WHAT YOU WILL DO —
From the material below, copy out each line with the word "Inductances" in it.
======== INPUT FOR THIS TASK
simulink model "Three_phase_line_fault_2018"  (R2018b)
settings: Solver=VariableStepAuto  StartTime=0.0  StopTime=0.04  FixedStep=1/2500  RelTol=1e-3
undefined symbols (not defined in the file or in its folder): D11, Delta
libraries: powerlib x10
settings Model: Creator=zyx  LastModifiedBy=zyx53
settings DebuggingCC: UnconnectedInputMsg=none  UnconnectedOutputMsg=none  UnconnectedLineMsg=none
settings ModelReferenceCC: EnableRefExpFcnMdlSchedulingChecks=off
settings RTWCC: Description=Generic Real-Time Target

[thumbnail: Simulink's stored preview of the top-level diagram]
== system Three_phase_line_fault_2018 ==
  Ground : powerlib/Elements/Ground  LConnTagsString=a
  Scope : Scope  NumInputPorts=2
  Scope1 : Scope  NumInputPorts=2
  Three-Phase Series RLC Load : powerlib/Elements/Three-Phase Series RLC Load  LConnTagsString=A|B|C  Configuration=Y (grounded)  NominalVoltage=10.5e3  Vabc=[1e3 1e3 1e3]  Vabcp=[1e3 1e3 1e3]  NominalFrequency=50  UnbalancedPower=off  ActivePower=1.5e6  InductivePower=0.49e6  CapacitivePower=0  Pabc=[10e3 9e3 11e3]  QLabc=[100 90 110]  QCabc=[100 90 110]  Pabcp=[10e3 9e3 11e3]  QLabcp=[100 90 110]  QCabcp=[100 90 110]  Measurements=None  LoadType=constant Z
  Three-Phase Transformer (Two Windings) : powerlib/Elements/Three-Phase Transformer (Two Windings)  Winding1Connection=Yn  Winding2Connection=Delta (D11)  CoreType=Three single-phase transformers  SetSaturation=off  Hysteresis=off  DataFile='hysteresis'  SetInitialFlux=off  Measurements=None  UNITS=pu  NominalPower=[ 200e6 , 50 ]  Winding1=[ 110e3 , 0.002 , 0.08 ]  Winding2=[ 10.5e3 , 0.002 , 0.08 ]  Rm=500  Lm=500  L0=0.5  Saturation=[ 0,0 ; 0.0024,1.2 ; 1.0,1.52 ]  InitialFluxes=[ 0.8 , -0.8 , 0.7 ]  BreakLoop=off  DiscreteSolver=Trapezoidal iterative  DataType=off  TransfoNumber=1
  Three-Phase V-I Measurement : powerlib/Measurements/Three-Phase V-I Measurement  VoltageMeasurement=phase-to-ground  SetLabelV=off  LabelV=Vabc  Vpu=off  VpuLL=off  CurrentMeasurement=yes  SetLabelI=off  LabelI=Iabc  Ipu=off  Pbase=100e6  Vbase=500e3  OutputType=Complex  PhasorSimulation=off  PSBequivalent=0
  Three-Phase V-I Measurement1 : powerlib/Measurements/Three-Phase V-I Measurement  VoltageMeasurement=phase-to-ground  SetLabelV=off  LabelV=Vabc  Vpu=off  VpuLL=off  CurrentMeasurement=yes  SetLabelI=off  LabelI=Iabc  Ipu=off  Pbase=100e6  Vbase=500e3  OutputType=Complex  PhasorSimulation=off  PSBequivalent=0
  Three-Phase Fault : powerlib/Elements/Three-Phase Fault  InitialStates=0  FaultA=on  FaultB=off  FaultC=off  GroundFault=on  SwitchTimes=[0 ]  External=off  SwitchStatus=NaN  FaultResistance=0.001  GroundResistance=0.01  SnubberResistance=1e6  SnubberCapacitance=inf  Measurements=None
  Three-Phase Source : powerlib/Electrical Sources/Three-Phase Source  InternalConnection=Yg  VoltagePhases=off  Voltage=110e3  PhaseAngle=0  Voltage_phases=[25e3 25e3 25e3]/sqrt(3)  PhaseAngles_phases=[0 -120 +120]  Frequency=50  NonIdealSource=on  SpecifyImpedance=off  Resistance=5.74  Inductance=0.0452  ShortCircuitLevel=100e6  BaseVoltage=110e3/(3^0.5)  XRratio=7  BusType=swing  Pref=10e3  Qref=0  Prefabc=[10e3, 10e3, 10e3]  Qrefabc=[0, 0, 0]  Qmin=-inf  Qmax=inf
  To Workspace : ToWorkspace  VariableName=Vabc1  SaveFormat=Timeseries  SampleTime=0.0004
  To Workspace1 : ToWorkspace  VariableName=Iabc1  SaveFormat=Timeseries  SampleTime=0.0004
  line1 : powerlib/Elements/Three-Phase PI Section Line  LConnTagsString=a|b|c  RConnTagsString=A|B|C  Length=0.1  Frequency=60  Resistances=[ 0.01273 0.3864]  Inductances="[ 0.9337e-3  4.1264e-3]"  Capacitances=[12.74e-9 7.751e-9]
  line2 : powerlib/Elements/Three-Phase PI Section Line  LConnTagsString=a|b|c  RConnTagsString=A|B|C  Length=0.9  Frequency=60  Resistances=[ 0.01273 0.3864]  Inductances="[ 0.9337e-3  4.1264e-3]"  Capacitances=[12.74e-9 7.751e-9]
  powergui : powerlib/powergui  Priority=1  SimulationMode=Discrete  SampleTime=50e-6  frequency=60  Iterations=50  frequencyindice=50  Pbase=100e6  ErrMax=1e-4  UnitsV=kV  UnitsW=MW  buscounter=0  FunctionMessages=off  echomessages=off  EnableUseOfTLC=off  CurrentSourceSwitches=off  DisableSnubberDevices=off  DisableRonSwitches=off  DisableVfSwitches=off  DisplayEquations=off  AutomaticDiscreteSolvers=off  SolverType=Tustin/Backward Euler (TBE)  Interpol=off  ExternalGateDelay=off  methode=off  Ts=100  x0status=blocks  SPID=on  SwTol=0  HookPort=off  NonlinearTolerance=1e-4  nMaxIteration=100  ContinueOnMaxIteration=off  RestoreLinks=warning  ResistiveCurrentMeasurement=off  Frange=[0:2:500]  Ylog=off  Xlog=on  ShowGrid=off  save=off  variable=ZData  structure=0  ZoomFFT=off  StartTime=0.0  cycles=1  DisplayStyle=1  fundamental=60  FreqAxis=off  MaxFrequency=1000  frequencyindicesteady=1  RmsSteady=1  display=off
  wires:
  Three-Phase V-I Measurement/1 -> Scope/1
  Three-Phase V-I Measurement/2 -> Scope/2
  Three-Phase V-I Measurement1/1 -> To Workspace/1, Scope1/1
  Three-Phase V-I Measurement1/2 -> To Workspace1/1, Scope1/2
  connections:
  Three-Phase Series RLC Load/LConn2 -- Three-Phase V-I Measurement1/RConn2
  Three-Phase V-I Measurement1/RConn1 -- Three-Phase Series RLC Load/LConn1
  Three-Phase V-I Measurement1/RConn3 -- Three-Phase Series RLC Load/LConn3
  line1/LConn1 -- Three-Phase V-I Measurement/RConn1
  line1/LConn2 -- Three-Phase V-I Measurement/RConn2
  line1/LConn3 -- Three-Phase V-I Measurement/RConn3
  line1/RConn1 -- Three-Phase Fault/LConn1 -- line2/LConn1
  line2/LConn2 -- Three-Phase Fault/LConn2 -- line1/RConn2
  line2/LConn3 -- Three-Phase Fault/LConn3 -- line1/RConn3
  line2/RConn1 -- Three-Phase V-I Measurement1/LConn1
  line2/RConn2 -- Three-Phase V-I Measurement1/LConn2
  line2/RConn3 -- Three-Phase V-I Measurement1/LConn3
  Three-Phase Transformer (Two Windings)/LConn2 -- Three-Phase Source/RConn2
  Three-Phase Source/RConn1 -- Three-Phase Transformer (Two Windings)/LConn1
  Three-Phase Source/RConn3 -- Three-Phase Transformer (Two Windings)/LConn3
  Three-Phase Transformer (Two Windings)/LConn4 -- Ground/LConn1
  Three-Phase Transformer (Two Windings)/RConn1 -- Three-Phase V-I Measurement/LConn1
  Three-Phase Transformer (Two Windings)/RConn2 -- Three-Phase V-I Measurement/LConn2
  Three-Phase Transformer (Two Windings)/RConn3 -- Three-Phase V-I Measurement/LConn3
================
RESULT OF THE EXERCISE —
  line1 : powerlib/Elements/Three-Phase PI Section Line  LConnTagsString=a|b|c  RConnTagsString=A|B|C  Length=0.1  Frequency=60  Resistances=[ 0.01273 0.3864]  Inductances="[ 0.9337e-3  4.1264e-3]"  Capacitances=[12.74e-9 7.751e-9]
  line2 : powerlib/Elements/Three-Phase PI Section Line  LConnTagsString=a|b|c  RConnTagsString=A|B|C  Length=0.9  Frequency=60  Resistances=[ 0.01273 0.3864]  Inductances="[ 0.9337e-3  4.1264e-3]"  Capacitances=[12.74e-9 7.751e-9]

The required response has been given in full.